Девушка и скрипка. Жизнь на расстроенных струнах | страница 41



— Ну хватит, Фелл, — так она его называла. — Мин задала тебе вопрос.

Реакции не последовало. Как же грустно мне стало в тот момент! Мне было ужасно жаль, что, после всего, что мы пережили вместе, все закончилось на такой печальной ноте. Он был добр ко мне, а я так ему отплатила. Я вернулась в Лондон с осознанием, что дверь к Феликсу теперь навеки для меня закрыта. Нравилось это мне или нет, но я вынуждена была вернуться к Жислину.
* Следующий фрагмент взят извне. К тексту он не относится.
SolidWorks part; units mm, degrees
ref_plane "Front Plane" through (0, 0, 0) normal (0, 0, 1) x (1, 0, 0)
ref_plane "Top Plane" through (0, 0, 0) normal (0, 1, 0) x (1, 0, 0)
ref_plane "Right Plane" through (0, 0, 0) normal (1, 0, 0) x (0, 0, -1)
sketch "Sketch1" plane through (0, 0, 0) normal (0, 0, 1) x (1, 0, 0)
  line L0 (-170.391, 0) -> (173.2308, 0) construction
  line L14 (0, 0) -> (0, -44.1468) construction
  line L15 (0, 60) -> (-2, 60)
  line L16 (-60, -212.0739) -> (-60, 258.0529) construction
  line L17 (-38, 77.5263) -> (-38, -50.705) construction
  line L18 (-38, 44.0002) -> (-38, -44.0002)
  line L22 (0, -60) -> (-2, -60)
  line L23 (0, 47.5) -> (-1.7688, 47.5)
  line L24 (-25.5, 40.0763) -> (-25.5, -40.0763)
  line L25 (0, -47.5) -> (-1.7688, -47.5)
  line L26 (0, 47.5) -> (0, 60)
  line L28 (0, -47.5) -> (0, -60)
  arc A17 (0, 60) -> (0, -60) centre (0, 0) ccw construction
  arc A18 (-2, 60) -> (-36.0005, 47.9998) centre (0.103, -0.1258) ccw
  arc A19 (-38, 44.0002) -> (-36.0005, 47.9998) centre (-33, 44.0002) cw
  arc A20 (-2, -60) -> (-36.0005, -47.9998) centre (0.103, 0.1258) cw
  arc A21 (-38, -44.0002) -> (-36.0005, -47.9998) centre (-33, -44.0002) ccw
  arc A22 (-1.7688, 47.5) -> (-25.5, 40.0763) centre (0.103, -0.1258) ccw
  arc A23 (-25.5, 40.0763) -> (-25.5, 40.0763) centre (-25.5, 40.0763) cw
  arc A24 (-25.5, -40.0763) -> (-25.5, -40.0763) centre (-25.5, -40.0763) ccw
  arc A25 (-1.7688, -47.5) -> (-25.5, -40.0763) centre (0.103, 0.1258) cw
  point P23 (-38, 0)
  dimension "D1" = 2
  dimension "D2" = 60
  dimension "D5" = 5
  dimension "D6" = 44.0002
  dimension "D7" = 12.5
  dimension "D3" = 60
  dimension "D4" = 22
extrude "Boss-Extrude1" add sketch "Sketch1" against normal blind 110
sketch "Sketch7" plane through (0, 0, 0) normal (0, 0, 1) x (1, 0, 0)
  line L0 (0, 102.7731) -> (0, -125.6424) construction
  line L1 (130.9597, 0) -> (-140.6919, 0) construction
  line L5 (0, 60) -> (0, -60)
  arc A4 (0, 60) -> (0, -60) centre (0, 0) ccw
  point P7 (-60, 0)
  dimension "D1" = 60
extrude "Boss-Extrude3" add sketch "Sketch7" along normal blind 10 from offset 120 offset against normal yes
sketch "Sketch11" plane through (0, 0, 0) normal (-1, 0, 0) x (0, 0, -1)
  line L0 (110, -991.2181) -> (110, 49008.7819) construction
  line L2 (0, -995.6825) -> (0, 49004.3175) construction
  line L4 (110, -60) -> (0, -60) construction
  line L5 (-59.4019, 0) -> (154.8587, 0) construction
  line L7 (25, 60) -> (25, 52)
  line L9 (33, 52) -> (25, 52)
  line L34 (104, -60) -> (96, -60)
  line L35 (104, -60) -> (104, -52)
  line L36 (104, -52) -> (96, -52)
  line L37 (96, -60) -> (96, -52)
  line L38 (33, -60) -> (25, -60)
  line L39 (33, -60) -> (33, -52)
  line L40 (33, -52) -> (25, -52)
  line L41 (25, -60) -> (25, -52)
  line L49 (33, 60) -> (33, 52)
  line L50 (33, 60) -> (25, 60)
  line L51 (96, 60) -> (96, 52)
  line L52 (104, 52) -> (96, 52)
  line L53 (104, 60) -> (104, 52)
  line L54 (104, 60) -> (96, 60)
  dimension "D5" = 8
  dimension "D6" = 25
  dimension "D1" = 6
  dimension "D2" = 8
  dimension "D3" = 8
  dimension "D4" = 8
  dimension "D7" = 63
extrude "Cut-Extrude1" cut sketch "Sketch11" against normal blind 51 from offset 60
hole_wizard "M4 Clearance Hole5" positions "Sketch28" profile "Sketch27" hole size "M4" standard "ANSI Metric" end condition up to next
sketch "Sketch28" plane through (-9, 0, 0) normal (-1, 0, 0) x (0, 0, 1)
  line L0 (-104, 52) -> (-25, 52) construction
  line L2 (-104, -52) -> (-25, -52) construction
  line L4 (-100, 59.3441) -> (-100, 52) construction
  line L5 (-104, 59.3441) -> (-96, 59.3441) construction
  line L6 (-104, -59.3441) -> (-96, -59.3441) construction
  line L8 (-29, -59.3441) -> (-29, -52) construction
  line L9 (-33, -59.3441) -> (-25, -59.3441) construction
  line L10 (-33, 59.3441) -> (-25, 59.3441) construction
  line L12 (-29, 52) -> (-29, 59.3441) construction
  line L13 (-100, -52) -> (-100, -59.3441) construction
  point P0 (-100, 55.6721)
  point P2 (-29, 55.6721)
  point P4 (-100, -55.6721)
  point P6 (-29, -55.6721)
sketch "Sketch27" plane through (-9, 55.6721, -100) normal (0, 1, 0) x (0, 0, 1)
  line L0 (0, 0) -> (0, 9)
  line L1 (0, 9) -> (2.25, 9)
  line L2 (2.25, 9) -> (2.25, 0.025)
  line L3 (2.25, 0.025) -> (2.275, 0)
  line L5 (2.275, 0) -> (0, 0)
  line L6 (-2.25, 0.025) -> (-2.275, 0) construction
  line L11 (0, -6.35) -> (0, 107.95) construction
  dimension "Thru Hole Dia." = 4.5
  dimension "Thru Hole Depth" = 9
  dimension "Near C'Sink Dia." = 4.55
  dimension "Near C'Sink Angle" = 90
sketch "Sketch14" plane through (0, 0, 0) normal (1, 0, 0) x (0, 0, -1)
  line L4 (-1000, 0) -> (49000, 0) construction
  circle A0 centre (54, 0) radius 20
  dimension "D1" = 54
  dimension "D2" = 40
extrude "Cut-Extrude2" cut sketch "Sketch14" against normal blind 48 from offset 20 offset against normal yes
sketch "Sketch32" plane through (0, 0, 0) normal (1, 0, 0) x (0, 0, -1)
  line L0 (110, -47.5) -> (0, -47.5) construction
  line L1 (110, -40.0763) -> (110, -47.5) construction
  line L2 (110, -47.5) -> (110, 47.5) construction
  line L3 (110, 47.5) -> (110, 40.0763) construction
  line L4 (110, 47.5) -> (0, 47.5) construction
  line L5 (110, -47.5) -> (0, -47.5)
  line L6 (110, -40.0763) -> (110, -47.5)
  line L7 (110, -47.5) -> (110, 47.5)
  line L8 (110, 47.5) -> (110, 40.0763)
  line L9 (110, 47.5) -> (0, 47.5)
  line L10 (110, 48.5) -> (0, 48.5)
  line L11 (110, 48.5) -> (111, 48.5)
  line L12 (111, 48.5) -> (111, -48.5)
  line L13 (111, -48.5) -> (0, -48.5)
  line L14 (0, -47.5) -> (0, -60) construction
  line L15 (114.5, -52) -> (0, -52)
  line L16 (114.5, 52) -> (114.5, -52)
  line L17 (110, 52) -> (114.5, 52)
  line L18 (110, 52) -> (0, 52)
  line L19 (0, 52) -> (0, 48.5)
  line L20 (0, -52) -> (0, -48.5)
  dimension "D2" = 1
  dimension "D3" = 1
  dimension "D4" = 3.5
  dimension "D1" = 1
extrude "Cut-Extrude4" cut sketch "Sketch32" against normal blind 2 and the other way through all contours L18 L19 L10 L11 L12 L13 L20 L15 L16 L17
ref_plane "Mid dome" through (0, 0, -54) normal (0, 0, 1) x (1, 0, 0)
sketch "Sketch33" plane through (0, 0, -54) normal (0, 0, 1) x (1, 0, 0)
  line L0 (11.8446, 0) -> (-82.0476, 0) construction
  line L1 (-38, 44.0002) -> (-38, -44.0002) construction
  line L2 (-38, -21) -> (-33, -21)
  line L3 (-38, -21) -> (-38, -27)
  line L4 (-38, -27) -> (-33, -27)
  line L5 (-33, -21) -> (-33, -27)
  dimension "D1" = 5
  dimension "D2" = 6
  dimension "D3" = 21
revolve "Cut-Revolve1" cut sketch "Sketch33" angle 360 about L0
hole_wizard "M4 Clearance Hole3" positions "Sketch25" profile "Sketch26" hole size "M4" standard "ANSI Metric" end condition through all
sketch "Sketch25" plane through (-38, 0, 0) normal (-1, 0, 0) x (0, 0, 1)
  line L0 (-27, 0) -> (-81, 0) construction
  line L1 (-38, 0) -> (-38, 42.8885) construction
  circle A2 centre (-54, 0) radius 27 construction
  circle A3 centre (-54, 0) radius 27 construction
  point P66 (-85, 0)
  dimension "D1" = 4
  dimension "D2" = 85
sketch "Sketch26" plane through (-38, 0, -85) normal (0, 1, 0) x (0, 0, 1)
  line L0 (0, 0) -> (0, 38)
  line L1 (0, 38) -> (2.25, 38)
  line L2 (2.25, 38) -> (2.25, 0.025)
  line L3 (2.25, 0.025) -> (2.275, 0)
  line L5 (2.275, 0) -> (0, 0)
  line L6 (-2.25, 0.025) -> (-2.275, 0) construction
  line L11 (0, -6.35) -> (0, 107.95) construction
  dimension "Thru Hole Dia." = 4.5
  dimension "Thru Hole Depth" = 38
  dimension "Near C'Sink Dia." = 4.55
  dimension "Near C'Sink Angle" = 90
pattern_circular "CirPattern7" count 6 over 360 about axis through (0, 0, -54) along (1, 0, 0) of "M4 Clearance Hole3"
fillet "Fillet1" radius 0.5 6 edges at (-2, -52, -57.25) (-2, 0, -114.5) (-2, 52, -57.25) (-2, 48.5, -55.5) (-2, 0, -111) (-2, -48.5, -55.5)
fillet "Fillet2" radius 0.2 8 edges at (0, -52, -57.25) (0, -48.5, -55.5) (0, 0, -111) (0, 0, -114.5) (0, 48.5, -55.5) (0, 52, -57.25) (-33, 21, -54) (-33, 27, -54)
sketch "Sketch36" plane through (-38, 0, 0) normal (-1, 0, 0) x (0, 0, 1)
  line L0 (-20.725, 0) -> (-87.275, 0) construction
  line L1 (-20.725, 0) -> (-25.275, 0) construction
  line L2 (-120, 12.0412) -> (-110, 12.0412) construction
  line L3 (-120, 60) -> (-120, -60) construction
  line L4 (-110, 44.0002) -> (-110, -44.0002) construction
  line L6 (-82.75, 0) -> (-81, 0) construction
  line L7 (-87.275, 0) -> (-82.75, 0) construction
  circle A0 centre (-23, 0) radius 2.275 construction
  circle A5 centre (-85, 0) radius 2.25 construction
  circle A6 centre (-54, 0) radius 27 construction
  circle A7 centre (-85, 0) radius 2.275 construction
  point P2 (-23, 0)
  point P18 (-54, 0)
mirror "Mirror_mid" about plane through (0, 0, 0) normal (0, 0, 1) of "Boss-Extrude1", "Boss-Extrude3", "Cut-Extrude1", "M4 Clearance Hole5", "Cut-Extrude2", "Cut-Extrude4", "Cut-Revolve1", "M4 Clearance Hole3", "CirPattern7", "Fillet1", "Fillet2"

Многие из его требований казались мне невыполнимыми, но ему определенно было что предложить. Он был ярым поклонником великолепного Яши Хейфеца, и, будучи подростком, я разделяла эту его любовь. Для меня Хейфец был примером идеального скрипача. Можно даже сказать, что я была его фанаткой. Я искала единомышленников в Перселле и Королевском музыкальном колледже, обменивалась с ними любимыми пластинками. Кажется, в моей коллекции были доступные записи его выступлений. В аннотации к пластинке пятьдесят девятого года с концертами Мендельсона и Прокофьева, которую Хейфец записал для нашего колледжа, скрипач Джозеф Вехсберг рассказывает любопытную историю. Однажды вечером в Беверли-Хиллз он спросил у Хейфеца, как тот смог сыграть некий особенно трудный пассаж во время концерта. К сожалению, Вехсберг не указывает, какой именно. Хейфец в ответ пожал плечами, взял свою скрипку Гварнери и сыграл его прямо там, но с такой скоростью, что Вехсбергу не удалось толком ничего разобрать. Он попросил Хейфеца повторить, и тот, конечно же, повторил. После Вехсберг написал: «Не имею ни малейшего понятия, как ему это удалось. Увидев мое недоуменное выражение лица, он лишь покачал головой, словно ему было жаль меня за то, что я так глуп».

Хейфец тоже был вундеркиндом. Он исполнил Концерт Мендельсона в семь лет — на полуразмерной скрипке, в дореволюционной России, перед аудиторией в тысячу человек. И все поражались тому, как его крошечные пальчики справились с хитросплетениями партитуры. Как ни странно, искусство Хейфеца часто умаляют. Его мастерство и «холодная красота» его игры, как ее часто описывают, настолько великолепны, насколько это вообще возможно. Во время своих выступлений вживую даже самые маститые скрипачи на пике своей карьеры могут допустить четыре или пять незначительных ошибок. Хейфец настолько безупречно владел скрипкой и контролировал свою игру, что едва ли допускал хотя бы одну. Неудивительно, что меня восхищала его прохладная манера поведения, которую многие критики, к моему возмущению, считали признаком безразличия. А для меня это был признак невероятной самодисциплины, отличительная черта безупречного артиста, всецело преданного своему делу. Хейфец напоминал мне невозмутимого прекрасного лебедя, скользящего по спокойной глади пруда. Под водой он неистово работал лапами, но этого никто не видел. В его великолепной технике, в его головокружительной скорости ярость пламени сочетается со сверхъестественной красотой. Но Жислин настаивал лишь на соблюдении тех тонкостей механики, которые Хейфец прописывал в учебнике и которые могли помочь мне выигрывать в конкурсах. В нем не было никаких простых и естественных порывов. Неудивительно, что мы с ним часто спорили.